Всю эту зиму и в течение весенней оттепели зубы Лика доставляли ему мучения. Национальная служба здравоохранения не спешила заменить ему протез, а потому он надевал треснутый, только когда выходил из дома, и старался держать рот на замке, потому что протез норовил выпасть всякий раз, как Лик начинал говорить. По дому он слонялся без протеза, отчего напоминал прикусом мультяшную черепашку. Увидев Шагги, он садился на него и щипал так, что на детской коже появлялись рубцы. Шагги чувствовал, что заслужил наказание, а потому изо всех сил старался не кричать.
Когда НСЗ наконец заменила ему протез, оказалось, что в новом нижние зубы соединяются с верхними под странным углом, а керамическая челюсть сзади давит на десну и оставляет на ней язвочки. Шагги ходил за братом, как апостол, с ломтями белого хлеба. Он отрывал маленький кусочек, скатывал его в комок и давал Лику, а тот подкладывал мякиш под керамику, чтобы хоть чуточку смирить боль, которую доставляли ему новые протезы. Шагги носил хлеб в кармане для Лика до самого лета. Агнес не раз, стирая его школьные брюки, находила в них забытые куски батона, затвердевшие и покрытые голубой плесенью.
Потом наступили летние каникулы, и дорогу наводнили дети Макавенни и их родня, и родня их родни. Они использовали на всю катушку две недели хорошей погоды, установившейся на западном побережье, играли в футбол на дороге, или гоняли на велосипедах, или визжали, посылая в воздух огромные мышиного цвета облака шлаковой пыли.
Шагги держался от них подальше.
Он чувствовал: что-то с ним не так. Словно что-то внутри него неверно соединилось. Казалось, все вокруг видели это, а он единственный не мог сказать, что же оно такое. Просто оно было какое-то другое, а потому просто неправильное.
Он прятался в темных уголках дома, пролезал под основание сеточной ограды, уходил в торфяники вокруг поселка. Он уходил подальше от муниципальных домов. Скупое солнце если и обжигало его, то неизменно через свитер, и тогда его кожу покалывало от жары. Он сворачивал с протоптанной тропы, прокладывал новую дорожку в высоких камышовых зарослях. Он ходил кругами, пока не вытоптал большой, абсолютно ровный овальный участок. Мертвая трава лежала плотным коричневым ковром. Шагги снимал тяжелые резиновые сапоги и начинал обучаться тому, что показывал ему Лик.
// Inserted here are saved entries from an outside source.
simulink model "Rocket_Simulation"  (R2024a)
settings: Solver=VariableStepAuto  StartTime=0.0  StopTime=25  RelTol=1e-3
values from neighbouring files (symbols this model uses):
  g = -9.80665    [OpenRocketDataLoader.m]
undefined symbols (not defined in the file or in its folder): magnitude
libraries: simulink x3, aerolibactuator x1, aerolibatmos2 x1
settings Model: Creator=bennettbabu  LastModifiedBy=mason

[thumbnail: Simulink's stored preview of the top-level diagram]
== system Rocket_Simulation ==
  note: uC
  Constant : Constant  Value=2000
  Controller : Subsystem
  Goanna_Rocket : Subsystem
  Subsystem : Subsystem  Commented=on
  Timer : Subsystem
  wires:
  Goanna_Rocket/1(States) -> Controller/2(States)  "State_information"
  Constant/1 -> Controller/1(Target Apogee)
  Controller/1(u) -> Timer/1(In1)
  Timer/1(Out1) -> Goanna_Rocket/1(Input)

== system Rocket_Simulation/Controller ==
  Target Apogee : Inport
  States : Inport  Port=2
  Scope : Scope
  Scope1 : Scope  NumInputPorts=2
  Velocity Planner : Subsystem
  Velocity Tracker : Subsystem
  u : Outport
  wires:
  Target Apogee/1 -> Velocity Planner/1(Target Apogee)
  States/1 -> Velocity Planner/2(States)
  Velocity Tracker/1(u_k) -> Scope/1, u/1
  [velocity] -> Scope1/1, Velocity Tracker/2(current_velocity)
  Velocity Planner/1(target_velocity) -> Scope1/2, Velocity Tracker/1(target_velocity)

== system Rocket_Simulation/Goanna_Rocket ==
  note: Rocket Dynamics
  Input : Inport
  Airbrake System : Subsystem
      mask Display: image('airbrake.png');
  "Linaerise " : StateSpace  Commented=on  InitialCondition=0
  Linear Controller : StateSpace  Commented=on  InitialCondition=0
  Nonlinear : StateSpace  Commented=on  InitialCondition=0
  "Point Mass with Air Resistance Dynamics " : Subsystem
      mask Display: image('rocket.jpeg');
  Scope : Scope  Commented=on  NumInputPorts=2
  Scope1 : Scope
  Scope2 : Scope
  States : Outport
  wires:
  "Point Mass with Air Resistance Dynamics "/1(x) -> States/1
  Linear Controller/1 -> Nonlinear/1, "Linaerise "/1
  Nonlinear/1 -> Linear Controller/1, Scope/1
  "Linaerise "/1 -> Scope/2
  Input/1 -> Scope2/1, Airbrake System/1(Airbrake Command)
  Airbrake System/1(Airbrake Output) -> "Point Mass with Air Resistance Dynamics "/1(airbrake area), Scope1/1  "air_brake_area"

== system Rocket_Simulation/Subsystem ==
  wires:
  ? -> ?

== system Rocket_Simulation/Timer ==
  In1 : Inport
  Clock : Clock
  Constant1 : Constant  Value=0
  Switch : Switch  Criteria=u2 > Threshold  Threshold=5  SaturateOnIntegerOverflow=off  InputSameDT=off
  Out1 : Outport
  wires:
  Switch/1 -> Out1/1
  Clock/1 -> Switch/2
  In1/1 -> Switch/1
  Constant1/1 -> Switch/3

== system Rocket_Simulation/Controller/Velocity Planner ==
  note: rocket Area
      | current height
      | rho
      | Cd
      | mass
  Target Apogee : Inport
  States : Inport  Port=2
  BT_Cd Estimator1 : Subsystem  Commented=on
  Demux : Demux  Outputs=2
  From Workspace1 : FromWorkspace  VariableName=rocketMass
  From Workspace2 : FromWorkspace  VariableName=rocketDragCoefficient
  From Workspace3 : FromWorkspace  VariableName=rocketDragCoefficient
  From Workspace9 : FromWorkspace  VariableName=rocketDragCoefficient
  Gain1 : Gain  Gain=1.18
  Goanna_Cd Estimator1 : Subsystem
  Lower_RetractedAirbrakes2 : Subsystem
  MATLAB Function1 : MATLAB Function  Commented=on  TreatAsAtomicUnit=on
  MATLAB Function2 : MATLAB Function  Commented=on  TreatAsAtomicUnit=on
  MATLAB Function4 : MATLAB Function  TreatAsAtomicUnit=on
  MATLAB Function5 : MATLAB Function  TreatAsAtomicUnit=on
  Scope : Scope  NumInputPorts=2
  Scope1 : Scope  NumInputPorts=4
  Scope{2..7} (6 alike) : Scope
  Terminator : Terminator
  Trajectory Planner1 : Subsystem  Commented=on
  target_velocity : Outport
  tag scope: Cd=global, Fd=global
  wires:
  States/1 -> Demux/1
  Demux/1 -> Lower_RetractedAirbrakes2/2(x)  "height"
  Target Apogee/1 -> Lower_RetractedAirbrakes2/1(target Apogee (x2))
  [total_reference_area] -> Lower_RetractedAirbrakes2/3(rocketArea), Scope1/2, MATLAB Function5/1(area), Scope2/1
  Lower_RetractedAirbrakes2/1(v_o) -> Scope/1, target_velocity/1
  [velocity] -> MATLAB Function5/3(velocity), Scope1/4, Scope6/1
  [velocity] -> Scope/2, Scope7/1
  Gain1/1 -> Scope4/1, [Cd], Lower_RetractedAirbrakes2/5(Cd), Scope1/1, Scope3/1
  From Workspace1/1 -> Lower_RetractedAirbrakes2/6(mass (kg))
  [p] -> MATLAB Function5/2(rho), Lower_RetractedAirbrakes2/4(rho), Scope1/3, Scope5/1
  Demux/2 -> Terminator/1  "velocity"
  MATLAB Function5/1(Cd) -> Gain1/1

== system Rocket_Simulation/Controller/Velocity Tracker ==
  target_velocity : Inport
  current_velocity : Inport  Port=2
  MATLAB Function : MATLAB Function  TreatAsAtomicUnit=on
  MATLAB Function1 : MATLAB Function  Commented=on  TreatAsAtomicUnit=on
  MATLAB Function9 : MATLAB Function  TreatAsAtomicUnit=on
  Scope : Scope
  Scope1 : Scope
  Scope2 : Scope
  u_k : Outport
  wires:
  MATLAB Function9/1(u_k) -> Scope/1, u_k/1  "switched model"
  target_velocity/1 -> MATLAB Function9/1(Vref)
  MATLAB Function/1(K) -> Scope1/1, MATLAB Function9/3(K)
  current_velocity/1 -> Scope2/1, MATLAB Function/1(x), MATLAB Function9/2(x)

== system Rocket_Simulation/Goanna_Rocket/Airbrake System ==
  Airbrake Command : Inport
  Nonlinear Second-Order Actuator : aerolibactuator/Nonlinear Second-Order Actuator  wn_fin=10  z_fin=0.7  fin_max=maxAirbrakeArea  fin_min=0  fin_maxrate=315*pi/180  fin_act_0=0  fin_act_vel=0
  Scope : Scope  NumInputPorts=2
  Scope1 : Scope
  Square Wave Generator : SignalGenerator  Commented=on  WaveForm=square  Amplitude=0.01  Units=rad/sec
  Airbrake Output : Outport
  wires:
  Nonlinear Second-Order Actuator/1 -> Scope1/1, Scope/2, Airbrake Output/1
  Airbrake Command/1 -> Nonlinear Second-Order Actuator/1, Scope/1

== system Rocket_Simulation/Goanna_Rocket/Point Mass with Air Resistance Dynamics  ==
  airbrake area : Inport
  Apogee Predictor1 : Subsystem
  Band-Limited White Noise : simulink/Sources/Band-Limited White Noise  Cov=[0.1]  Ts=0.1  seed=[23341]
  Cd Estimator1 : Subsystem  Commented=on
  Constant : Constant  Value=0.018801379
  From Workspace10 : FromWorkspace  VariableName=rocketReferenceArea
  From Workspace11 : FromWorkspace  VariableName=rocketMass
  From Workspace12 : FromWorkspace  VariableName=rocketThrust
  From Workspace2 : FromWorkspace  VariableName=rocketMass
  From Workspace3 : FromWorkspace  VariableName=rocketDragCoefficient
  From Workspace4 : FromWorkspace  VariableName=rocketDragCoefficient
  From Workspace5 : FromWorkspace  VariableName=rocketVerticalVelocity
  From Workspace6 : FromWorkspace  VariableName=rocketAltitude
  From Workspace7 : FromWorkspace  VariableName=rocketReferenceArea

Он становился на краю круга и переходил на другую сторону. В первый раз он прошел быстрой зажатой походкой, делая короткие, резкие шажки и размахивая руками. От досады он вонзил свои чистые ногти в ладони, развернулся и попробовал еще раз. Теперь он делал более медленные, размеренные шаги, оставлял место для своего петушка, выворачивал ступни наружу, твердо ставил пятки на мягкую землю. Потом он снимал свитер, отирал им пот со лба, а потом, выбранив себя, разворачивался и предпринимал еще одну попытку.
Он проделывал эти упражнения весь день, каждый раз убеждая себя идти медленнее, не размахивать так выразительно руками, быть больше похожим на Лика, на настоящего парня. Этим парням все давалось так естественно, они даже не задумывались об этом, не нуждались в оправданиях.
Агнес с прямой спиной сидела на стуле у окна и смотрела на улицу. Там играли стайки малышей, но Шагги среди них не было. В половине одиннадцатого ее дом был приведен в порядок, и хотя она никуда не собиралась, но успела накраситься и надеть джемпер с низким вырезом и облегающую серую юбку. Она сидела, допивая остатки старого лагера и размышляя о том, где ее мальчишка может прятаться от своего детства.
Она от скуки снимала белые ворсинки от шерстяного носка с подлокотника, потом собрала из них аккуратную горку на квадратике туалетной бумаги, сложила квадратик и сунула себе в карман. У нее становилось погано на душе при мысли о том, что она все еще выплачивает деньги за эту старую мягкую мебель, а ее мальчики относятся к гарнитуру без всякого уважения. Она еще в течение восьми лет будет отдавать по пять фунтов в неделю, чтобы расплатиться, а они усаживались в кресла верх ногами и поперек, в обуви и без.
Сломанная калитка на другой стороне улицы открылась, и Агнес выпрямилась. Ватага Макавенни в обносках выкатила на пыльную дорогу собранные из разномастных деталей велосипеды. Она не могла не признать: они красивые ребята. Безалаберность матери сделала из них настоящих диких львят. У них были густые гривы и красивые цыганские глаза, как у их отца.